- [Your instructions] Exact duplicates of the lines from the top of the data through the line containing "doc.units = ezdxf.units.MM" are needed, with every picture left out.

- [Recorded information]
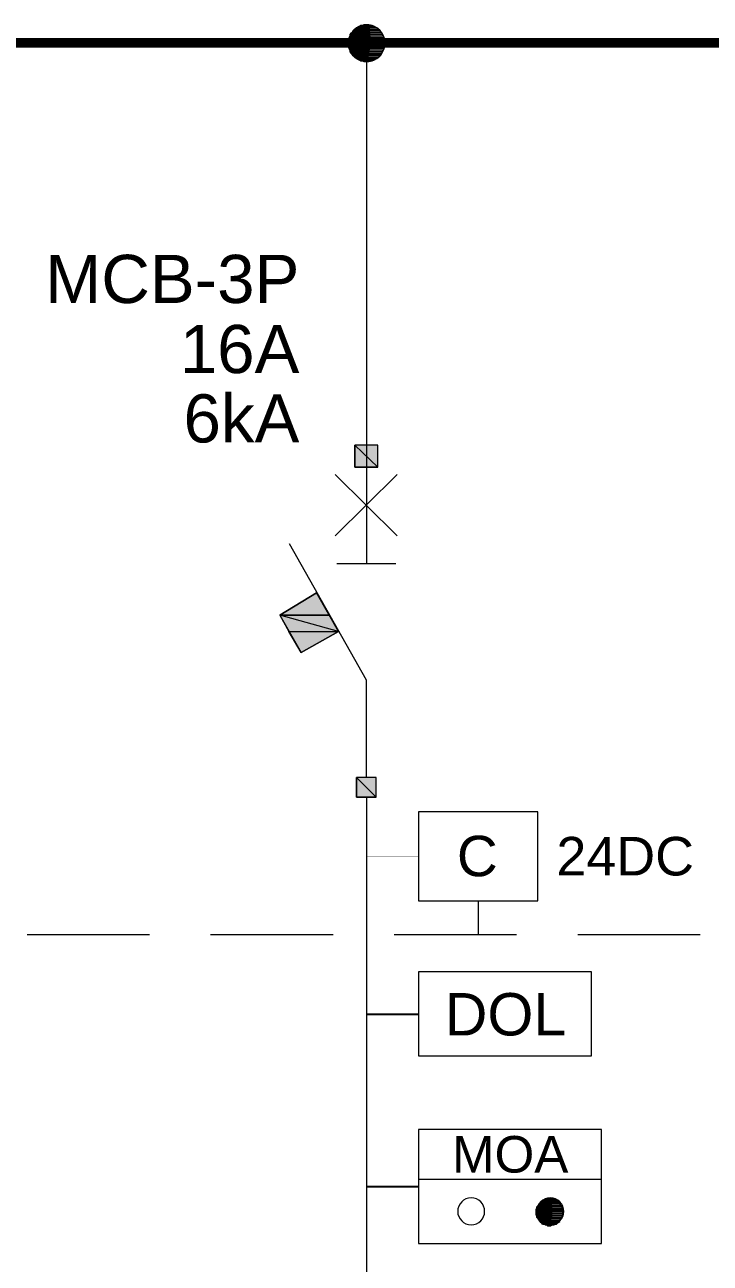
# Model space of a CAD drawing. Header units: millimetres. Extents: x -33055 to 42243, y -56860 to 24450.
# Drawn here: x 10946 to 14502, y 8545 to 14967 of the extents above; entities that cross this region are included whole.
import ezdxf
from ezdxf.enums import TextEntityAlignment as Align

# ---------------------------------------------------------------- set-up
doc = ezdxf.new("R2010")
doc.units = ezdxf.units.MM
for name, color, linetype in [('E-BUSBAR', 7, 'Continuous'), ('E-CTRL', 7, 'Continuous'), ('E-LEADER', 7, 'Continuous'), ('E-SLD', 7, 'Continuous'), ('E-TEXT', 7, 'Continuous')]:
    doc.layers.add(name, color=color, linetype=linetype)
doc.styles.add('ARIAL', font='arial.ttf')

msp = doc.modelspace()

# ---------------------------------------------------------------- hatches: boundary and pattern name
at = {"layer": 'E-SLD'}
h = msp.add_hatch(color=7, dxfattribs=at)
h.dxf.hatch_style = 1
h.paths.add_polyline_path([(12731, 14967), (12705.6, 14967), (12743.7, 14962.8), (12731, 14967)])
h.paths.add_polyline_path([(12705.6, 14967), (12743.7, 14962.8), (12701.3, 14962.8), (12705.6, 14967)])
h = msp.add_hatch(color=7, dxfattribs=at)
h.dxf.hatch_style = 1
h.paths.add_polyline_path([(12722.5, 14967), (12731, 14967), (12705.6, 14967), (12722.5, 14967)])
h = msp.add_hatch(color=7, dxfattribs=at)
h.dxf.hatch_style = 1
h.paths.add_polyline_path([(12811.4, 14899.3), (12629.4, 14899.3), (12811.4, 14890.8), (12811.4, 14899.3)])
h.paths.add_polyline_path([(12629.4, 14899.3), (12811.4, 14890.8), (12625.1, 14890.8), (12629.4, 14899.3)])
h = msp.add_hatch(color=7, dxfattribs=at)
h.dxf.hatch_style = 1
h.paths.add_polyline_path([(12807.2, 14907.8), (12633.6, 14907.8), (12811.4, 14899.3), (12807.2, 14907.8)])
h.paths.add_polyline_path([(12633.6, 14907.8), (12811.4, 14899.3), (12629.4, 14899.3), (12633.6, 14907.8)])
h = msp.add_hatch(color=7, dxfattribs=at)
h.dxf.hatch_style = 1
h.paths.add_polyline_path([(12798.7, 14924.7), (12642.1, 14924.7), (12802.9, 14916.2), (12798.7, 14924.7)])
h.paths.add_polyline_path([(12642.1, 14924.7), (12802.9, 14916.2), (12633.6, 14916.2), (12642.1, 14924.7)])
h = msp.add_hatch(color=7, dxfattribs=at)
h.dxf.hatch_style = 1
h.paths.add_polyline_path([(12802.9, 14916.2), (12633.6, 14916.2), (12807.2, 14907.8), (12802.9, 14916.2)])
h.paths.add_polyline_path([(12633.6, 14916.2), (12807.2, 14907.8), (12633.6, 14907.8), (12633.6, 14916.2)])
h = msp.add_hatch(color=7, dxfattribs=at)
h.dxf.hatch_style = 1
h.paths.add_polyline_path([(12794.5, 14928.9), (12646.3, 14928.9), (12798.7, 14924.7), (12794.5, 14928.9)])
h.paths.add_polyline_path([(12646.3, 14928.9), (12798.7, 14924.7), (12642.1, 14924.7), (12646.3, 14928.9)])
h = msp.add_hatch(color=7, dxfattribs=at)
h.dxf.hatch_style = 1
h.paths.add_polyline_path([(12790.2, 14937.4), (12650.5, 14937.4), (12794.5, 14928.9), (12790.2, 14937.4)])
h.paths.add_polyline_path([(12650.5, 14937.4), (12794.5, 14928.9), (12646.3, 14928.9), (12650.5, 14937.4)])
h = msp.add_hatch(color=7, dxfattribs=at)
h.dxf.hatch_style = 1
h.paths.add_polyline_path([(12781.8, 14941.6), (12659, 14941.6), (12790.2, 14937.4), (12781.8, 14941.6)])
h.paths.add_polyline_path([(12659, 14941.6), (12790.2, 14937.4), (12650.5, 14937.4), (12659, 14941.6)])
h = msp.add_hatch(color=7, dxfattribs=at)
h.dxf.hatch_style = 1
h.paths.add_polyline_path([(12773.3, 14950.1), (12667.5, 14950.1), (12781.8, 14941.6), (12773.3, 14950.1)])
h.paths.add_polyline_path([(12667.5, 14950.1), (12781.8, 14941.6), (12659, 14941.6), (12667.5, 14950.1)])
h = msp.add_hatch(color=7, dxfattribs=at)
h.dxf.hatch_style = 1
h.paths.add_polyline_path([(12764.8, 14954.3), (12671.7, 14954.3), (12773.3, 14950.1), (12764.8, 14954.3)])
h.paths.add_polyline_path([(12671.7, 14954.3), (12773.3, 14950.1), (12667.5, 14950.1), (12671.7, 14954.3)])
h = msp.add_hatch(color=7, dxfattribs=at)
h.dxf.hatch_style = 1
h.paths.add_polyline_path([(12760.6, 14958.6), (12680.2, 14958.6), (12764.8, 14954.3), (12760.6, 14958.6)])
h.paths.add_polyline_path([(12680.2, 14958.6), (12764.8, 14954.3), (12671.7, 14954.3), (12680.2, 14958.6)])
h = msp.add_hatch(color=7, dxfattribs=at)
h.dxf.hatch_style = 1
h.paths.add_polyline_path([(12747.9, 14962.8), (12688.6, 14962.8), (12760.6, 14958.6), (12747.9, 14962.8)])
h.paths.add_polyline_path([(12688.6, 14962.8), (12760.6, 14958.6), (12680.2, 14958.6), (12688.6, 14962.8)])
h = msp.add_hatch(color=7, dxfattribs=at)
h.dxf.hatch_style = 1
h.paths.add_polyline_path([(12743.7, 14962.8), (12701.3, 14962.8), (12747.9, 14962.8), (12743.7, 14962.8)])
h.paths.add_polyline_path([(12701.3, 14962.8), (12747.9, 14962.8), (12688.6, 14962.8), (12701.3, 14962.8)])
h = msp.add_hatch(color=7, dxfattribs=at)
h.dxf.hatch_style = 1
h.paths.add_polyline_path([(12811.4, 14890.8), (12625.1, 14890.8), (12815.6, 14882.4), (12811.4, 14890.8)])
h.paths.add_polyline_path([(12625.1, 14890.8), (12815.6, 14882.4), (12625.1, 14882.4), (12625.1, 14890.8)])
h = msp.add_hatch(color=7, dxfattribs=at)
h.dxf.hatch_style = 1
h.paths.add_polyline_path([(12815.6, 14882.4), (12625.1, 14882.4), (12815.6, 14869.7), (12815.6, 14882.4)])
h.paths.add_polyline_path([(12625.1, 14882.4), (12815.6, 14869.7), (12625.1, 14869.7), (12625.1, 14882.4)])
h = msp.add_hatch(color=7, dxfattribs=at)
h.dxf.hatch_style = 1
h.paths.add_polyline_path([(12815.6, 14869.7), (12625.1, 14869.7), (12815.6, 14861.2), (12815.6, 14869.7)])
h.paths.add_polyline_path([(12625.1, 14869.7), (12815.6, 14861.2), (12625.1, 14861.2), (12625.1, 14869.7)])
h = msp.add_hatch(color=7, dxfattribs=at)
h.dxf.hatch_style = 1
h.paths.add_polyline_path([(12815.6, 14861.2), (12625.1, 14861.2), (12811.4, 14852.7), (12815.6, 14861.2)])
h.paths.add_polyline_path([(12625.1, 14861.2), (12811.4, 14852.7), (12625.1, 14852.7), (12625.1, 14861.2)])
h = msp.add_hatch(color=7, dxfattribs=at)
h.dxf.hatch_style = 1
h.paths.add_polyline_path([(12811.4, 14852.7), (12625.1, 14852.7), (12811.4, 14844.3), (12811.4, 14852.7)])
h.paths.add_polyline_path([(12625.1, 14852.7), (12811.4, 14844.3), (12629.4, 14844.3), (12625.1, 14852.7)])
h = msp.add_hatch(color=7, dxfattribs=at)
h.dxf.hatch_style = 1
h.paths.add_polyline_path([(12811.4, 14844.3), (12629.4, 14844.3), (12807.2, 14835.8), (12811.4, 14844.3)])
h.paths.add_polyline_path([(12629.4, 14844.3), (12807.2, 14835.8), (12633.6, 14835.8), (12629.4, 14844.3)])
h = msp.add_hatch(color=7, dxfattribs=at)
h.dxf.hatch_style = 1
h.paths.add_polyline_path([(12807.2, 14835.8), (12633.6, 14835.8), (12802.9, 14827.3), (12807.2, 14835.8)])
h.paths.add_polyline_path([(12633.6, 14835.8), (12802.9, 14827.3), (12633.6, 14827.3), (12633.6, 14835.8)])
h = msp.add_hatch(color=7, dxfattribs=at)
h.dxf.hatch_style = 1
h.paths.add_polyline_path([(12802.9, 14827.3), (12633.6, 14827.3), (12798.7, 14818.9), (12802.9, 14827.3)])
h.paths.add_polyline_path([(12633.6, 14827.3), (12798.7, 14818.9), (12642.1, 14818.9), (12633.6, 14827.3)])
h = msp.add_hatch(color=7, dxfattribs=at)
h.dxf.hatch_style = 1
h.paths.add_polyline_path([(12798.7, 14818.9), (12642.1, 14818.9), (12794.5, 14810.4), (12798.7, 14818.9)])
h.paths.add_polyline_path([(12642.1, 14818.9), (12794.5, 14810.4), (12646.3, 14810.4), (12642.1, 14818.9)])
h = msp.add_hatch(color=7, dxfattribs=at)
h.dxf.hatch_style = 1
h.paths.add_polyline_path([(12794.5, 14810.4), (12646.3, 14810.4), (12790.2, 14806.2), (12794.5, 14810.4)])
h.paths.add_polyline_path([(12646.3, 14810.4), (12790.2, 14806.2), (12650.5, 14806.2), (12646.3, 14810.4)])
h = msp.add_hatch(color=7, dxfattribs=at)
h.dxf.hatch_style = 1
h.paths.add_polyline_path([(12790.2, 14806.2), (12650.5, 14806.2), (12781.8, 14797.7), (12790.2, 14806.2)])
h.paths.add_polyline_path([(12650.5, 14806.2), (12781.8, 14797.7), (12659, 14797.7), (12650.5, 14806.2)])
h = msp.add_hatch(color=7, dxfattribs=at)
h.dxf.hatch_style = 1
h.paths.add_polyline_path([(12781.8, 14797.7), (12659, 14797.7), (12773.3, 14793.5), (12781.8, 14797.7)])
h.paths.add_polyline_path([(12659, 14797.7), (12773.3, 14793.5), (12667.5, 14793.5), (12659, 14797.7)])
h = msp.add_hatch(color=7, dxfattribs=at)
h.dxf.hatch_style = 1
h.paths.add_polyline_path([(12773.3, 14793.5), (12667.5, 14793.5), (12764.8, 14789.2), (12773.3, 14793.5)])
h.paths.add_polyline_path([(12667.5, 14793.5), (12764.8, 14789.2), (12671.7, 14789.2), (12667.5, 14793.5)])
h = msp.add_hatch(color=7, dxfattribs=at)
h.dxf.hatch_style = 1
h.paths.add_polyline_path([(12764.8, 14789.2), (12671.7, 14789.2), (12760.6, 14785), (12764.8, 14789.2)])
h.paths.add_polyline_path([(12671.7, 14789.2), (12760.6, 14785), (12680.2, 14785), (12671.7, 14789.2)])
h = msp.add_hatch(color=7, dxfattribs=at)
h.dxf.hatch_style = 1
h.paths.add_polyline_path([(12760.6, 14785), (12680.2, 14785), (12747.9, 14780.8), (12760.6, 14785)])
h.paths.add_polyline_path([(12680.2, 14785), (12747.9, 14780.8), (12688.6, 14780.8), (12680.2, 14785)])
h = msp.add_hatch(color=7, dxfattribs=at)
h.dxf.hatch_style = 1
h.paths.add_polyline_path([(12747.9, 14780.8), (12688.6, 14780.8), (12743.7, 14780.8), (12747.9, 14780.8)])
h.paths.add_polyline_path([(12688.6, 14780.8), (12743.7, 14780.8), (12701.3, 14780.8), (12688.6, 14780.8)])
h = msp.add_hatch(color=7, dxfattribs=at)
h.dxf.hatch_style = 1
h.paths.add_polyline_path([(12701.3, 14780.8), (12705.6, 14776.5), (12731, 14776.5), (12701.3, 14780.8)])
h.paths.add_polyline_path([(12705.6, 14776.5), (12731, 14776.5), (12722.5, 14776.5), (12705.6, 14776.5)])
h = msp.add_hatch(color=7, dxfattribs=at)
h.dxf.hatch_style = 1
h.paths.add_polyline_path([(12701.3, 14780.8), (12743.7, 14780.8), (12731, 14776.5), (12701.3, 14780.8)])
h = msp.add_hatch(color=7, dxfattribs=at)
h.dxf.hatch_style = 1
h.paths.add_polyline_path([(12777.5, 12786.9), (12659, 12786.9), (12777.5, 12672.6), (12777.5, 12786.9)])
h.paths.add_polyline_path([(12659, 12786.9), (12777.5, 12672.6), (12659, 12672.6), (12659, 12786.9)])
h = msp.add_hatch(color=7, dxfattribs=at)
h.dxf.hatch_style = 1
h.paths.add_polyline_path([(12460, 12020.6), (12527.8, 11906.3), (12269.5, 11906.3), (12460, 12020.6)])
h = msp.add_hatch(color=7, dxfattribs=at)
h.dxf.hatch_style = 1
h.paths.add_polyline_path([(12269.5, 11906.3), (12316.1, 11821.7), (12574.3, 11821.7), (12269.5, 11906.3)])
h.paths.add_polyline_path([(12316.1, 11821.7), (12574.3, 11821.7), (12379.6, 11711.6), (12316.1, 11821.7)])
h = msp.add_hatch(color=7, dxfattribs=at)
h.dxf.hatch_style = 1
h.paths.add_polyline_path([(12269.5, 11906.3), (12527.8, 11906.3), (12574.3, 11821.7), (12269.5, 11906.3)])
h = msp.add_hatch(color=7, dxfattribs=at)
h.dxf.hatch_style = 1
h.paths.add_polyline_path([(12769.1, 11063.9), (12667.5, 11063.9), (12769.1, 10962.3), (12769.1, 11063.9)])
h.paths.add_polyline_path([(12667.5, 11063.9), (12769.1, 10962.3), (12667.5, 10962.3), (12667.5, 11063.9)])
h = msp.add_hatch(color=7, dxfattribs=at)
h.dxf.hatch_style = 1
h.paths.add_polyline_path([(13713.1, 8862.6), (13624.2, 8862.6), (13721.6, 8858.3), (13713.1, 8862.6)])
h.paths.add_polyline_path([(13624.2, 8862.6), (13721.6, 8858.3), (13620, 8858.3), (13624.2, 8862.6)])
h = msp.add_hatch(color=7, dxfattribs=at)
h.dxf.hatch_style = 1
h.paths.add_polyline_path([(13708.9, 8866.8), (13628.4, 8866.8), (13713.1, 8862.6), (13708.9, 8866.8)])
h.paths.add_polyline_path([(13628.4, 8866.8), (13713.1, 8862.6), (13624.2, 8862.6), (13628.4, 8866.8)])
h = msp.add_hatch(color=7, dxfattribs=at)
h.dxf.hatch_style = 1
h.paths.add_polyline_path([(13704.6, 8871), (13632.7, 8871), (13708.9, 8866.8), (13704.6, 8871)])
h.paths.add_polyline_path([(13632.7, 8871), (13708.9, 8866.8), (13628.4, 8866.8), (13632.7, 8871)])
h = msp.add_hatch(color=7, dxfattribs=at)
h.dxf.hatch_style = 1
h.paths.add_polyline_path([(13696.2, 8875.3), (13641.1, 8875.3), (13704.6, 8871), (13696.2, 8875.3)])
h.paths.add_polyline_path([(13641.1, 8875.3), (13704.6, 8871), (13632.7, 8871), (13641.1, 8875.3)])
h = msp.add_hatch(color=7, dxfattribs=at)
h.dxf.hatch_style = 1
h.paths.add_polyline_path([(13691.9, 8875.3), (13645.4, 8875.3), (13696.2, 8875.3), (13691.9, 8875.3)])
h.paths.add_polyline_path([(13645.4, 8875.3), (13696.2, 8875.3), (13641.1, 8875.3), (13645.4, 8875.3)])
h = msp.add_hatch(color=7, dxfattribs=at)
h.dxf.hatch_style = 1
h.paths.add_polyline_path([(13683.5, 8879.5), (13653.8, 8879.5), (13691.9, 8875.3), (13683.5, 8879.5)])
h.paths.add_polyline_path([(13653.8, 8879.5), (13691.9, 8875.3), (13645.4, 8875.3), (13653.8, 8879.5)])
h = msp.add_hatch(color=7, dxfattribs=at)
h.dxf.hatch_style = 1
h.paths.add_polyline_path([(13675, 8879.5), (13658.1, 8879.5), (13683.5, 8879.5), (13675, 8879.5)])
h.paths.add_polyline_path([(13658.1, 8879.5), (13683.5, 8879.5), (13653.8, 8879.5), (13658.1, 8879.5)])
h = msp.add_hatch(color=7, dxfattribs=at)
h.dxf.hatch_style = 1
h.paths.add_polyline_path([(13670.8, 8879.5), (13675, 8879.5), (13658.1, 8879.5), (13670.8, 8879.5)])
h = msp.add_hatch(color=7, dxfattribs=at)
h.dxf.hatch_style = 1
h.paths.add_polyline_path([(13734.3, 8828.7), (13603, 8828.7), (13738.5, 8824.5), (13734.3, 8828.7)])
h.paths.add_polyline_path([(13603, 8828.7), (13738.5, 8824.5), (13598.8, 8824.5), (13603, 8828.7)])
h = msp.add_hatch(color=7, dxfattribs=at)
h.dxf.hatch_style = 1
h.paths.add_polyline_path([(13738.5, 8824.5), (13598.8, 8824.5), (13738.5, 8816), (13738.5, 8824.5)])
h.paths.add_polyline_path([(13598.8, 8824.5), (13738.5, 8816), (13598.8, 8816), (13598.8, 8824.5)])
h = msp.add_hatch(color=7, dxfattribs=at)
h.dxf.hatch_style = 1
h.paths.add_polyline_path([(13738.5, 8816), (13598.8, 8816), (13738.5, 8811.8), (13738.5, 8816)])
h.paths.add_polyline_path([(13598.8, 8816), (13738.5, 8811.8), (13598.8, 8811.8), (13598.8, 8816)])
h = msp.add_hatch(color=7, dxfattribs=at)
h.dxf.hatch_style = 1
h.paths.add_polyline_path([(13738.5, 8811.8), (13598.8, 8811.8), (13738.5, 8803.3), (13738.5, 8811.8)])
h.paths.add_polyline_path([(13598.8, 8811.8), (13738.5, 8803.3), (13598.8, 8803.3), (13598.8, 8811.8)])
h = msp.add_hatch(color=7, dxfattribs=at)
h.dxf.hatch_style = 1
h.paths.add_polyline_path([(13738.5, 8803.3), (13598.8, 8803.3), (13738.5, 8794.8), (13738.5, 8803.3)])
h.paths.add_polyline_path([(13598.8, 8803.3), (13738.5, 8794.8), (13598.8, 8794.8), (13598.8, 8803.3)])
h = msp.add_hatch(color=7, dxfattribs=at)
h.dxf.hatch_style = 1
h.paths.add_polyline_path([(13730, 8841.4), (13607.3, 8841.4), (13734.3, 8837.2), (13730, 8841.4)])
h.paths.add_polyline_path([(13607.3, 8841.4), (13734.3, 8837.2), (13603, 8837.2), (13607.3, 8841.4)])
h = msp.add_hatch(color=7, dxfattribs=at)
h.dxf.hatch_style = 1
h.paths.add_polyline_path([(13734.3, 8837.2), (13603, 8837.2), (13734.3, 8828.7), (13734.3, 8837.2)])
h.paths.add_polyline_path([(13603, 8837.2), (13734.3, 8828.7), (13603, 8828.7), (13603, 8837.2)])
h = msp.add_hatch(color=7, dxfattribs=at)
h.dxf.hatch_style = 1
h.paths.add_polyline_path([(13725.8, 8845.6), (13611.5, 8845.6), (13730, 8841.4), (13725.8, 8845.6)])
h.paths.add_polyline_path([(13611.5, 8845.6), (13730, 8841.4), (13607.3, 8841.4), (13611.5, 8845.6)])
h = msp.add_hatch(color=7, dxfattribs=at)
h.dxf.hatch_style = 1
h.paths.add_polyline_path([(13721.6, 8854.1), (13615.7, 8854.1), (13725.8, 8845.6), (13721.6, 8854.1)])
h.paths.add_polyline_path([(13615.7, 8854.1), (13725.8, 8845.6), (13611.5, 8845.6), (13615.7, 8854.1)])
h = msp.add_hatch(color=7, dxfattribs=at)
h.dxf.hatch_style = 1
h.paths.add_polyline_path([(13721.6, 8858.3), (13620, 8858.3), (13721.6, 8854.1), (13721.6, 8858.3)])
h.paths.add_polyline_path([(13620, 8858.3), (13721.6, 8854.1), (13615.7, 8854.1), (13620, 8858.3)])
h = msp.add_hatch(color=7, dxfattribs=at)
h.dxf.hatch_style = 1
h.paths.add_polyline_path([(13738.5, 8794.8), (13598.8, 8794.8), (13734.3, 8790.6), (13738.5, 8794.8)])
h.paths.add_polyline_path([(13598.8, 8794.8), (13734.3, 8790.6), (13603, 8790.6), (13598.8, 8794.8)])
h = msp.add_hatch(color=7, dxfattribs=at)
h.dxf.hatch_style = 1
h.paths.add_polyline_path([(13734.3, 8790.6), (13603, 8790.6), (13734.3, 8782.1), (13734.3, 8790.6)])
h.paths.add_polyline_path([(13603, 8790.6), (13734.3, 8782.1), (13603, 8782.1), (13603, 8790.6)])
h = msp.add_hatch(color=7, dxfattribs=at)
h.dxf.hatch_style = 1
h.paths.add_polyline_path([(13734.3, 8782.1), (13603, 8782.1), (13730, 8777.9), (13734.3, 8782.1)])
h.paths.add_polyline_path([(13603, 8782.1), (13730, 8777.9), (13607.3, 8777.9), (13603, 8782.1)])
h = msp.add_hatch(color=7, dxfattribs=at)
h.dxf.hatch_style = 1
h.paths.add_polyline_path([(13730, 8777.9), (13607.3, 8777.9), (13725.8, 8773.7), (13730, 8777.9)])
h.paths.add_polyline_path([(13607.3, 8777.9), (13725.8, 8773.7), (13611.5, 8773.7), (13607.3, 8777.9)])
h = msp.add_hatch(color=7, dxfattribs=at)
h.dxf.hatch_style = 1
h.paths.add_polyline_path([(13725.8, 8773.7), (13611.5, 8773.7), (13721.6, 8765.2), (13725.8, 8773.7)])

- [Expected answer]
# Model space of a CAD drawing. Header units: millimetres. Extents: x -33055 to 42243, y -56860 to 24450.
# Drawn here: x 10946 to 14502, y 8545 to 14967 of the extents above; entities that cross this region are included whole.
import ezdxf
from ezdxf.enums import TextEntityAlignment as Align

# ---------------------------------------------------------------- set-up
doc = ezdxf.new("R2010")
doc.units = ezdxf.units.MM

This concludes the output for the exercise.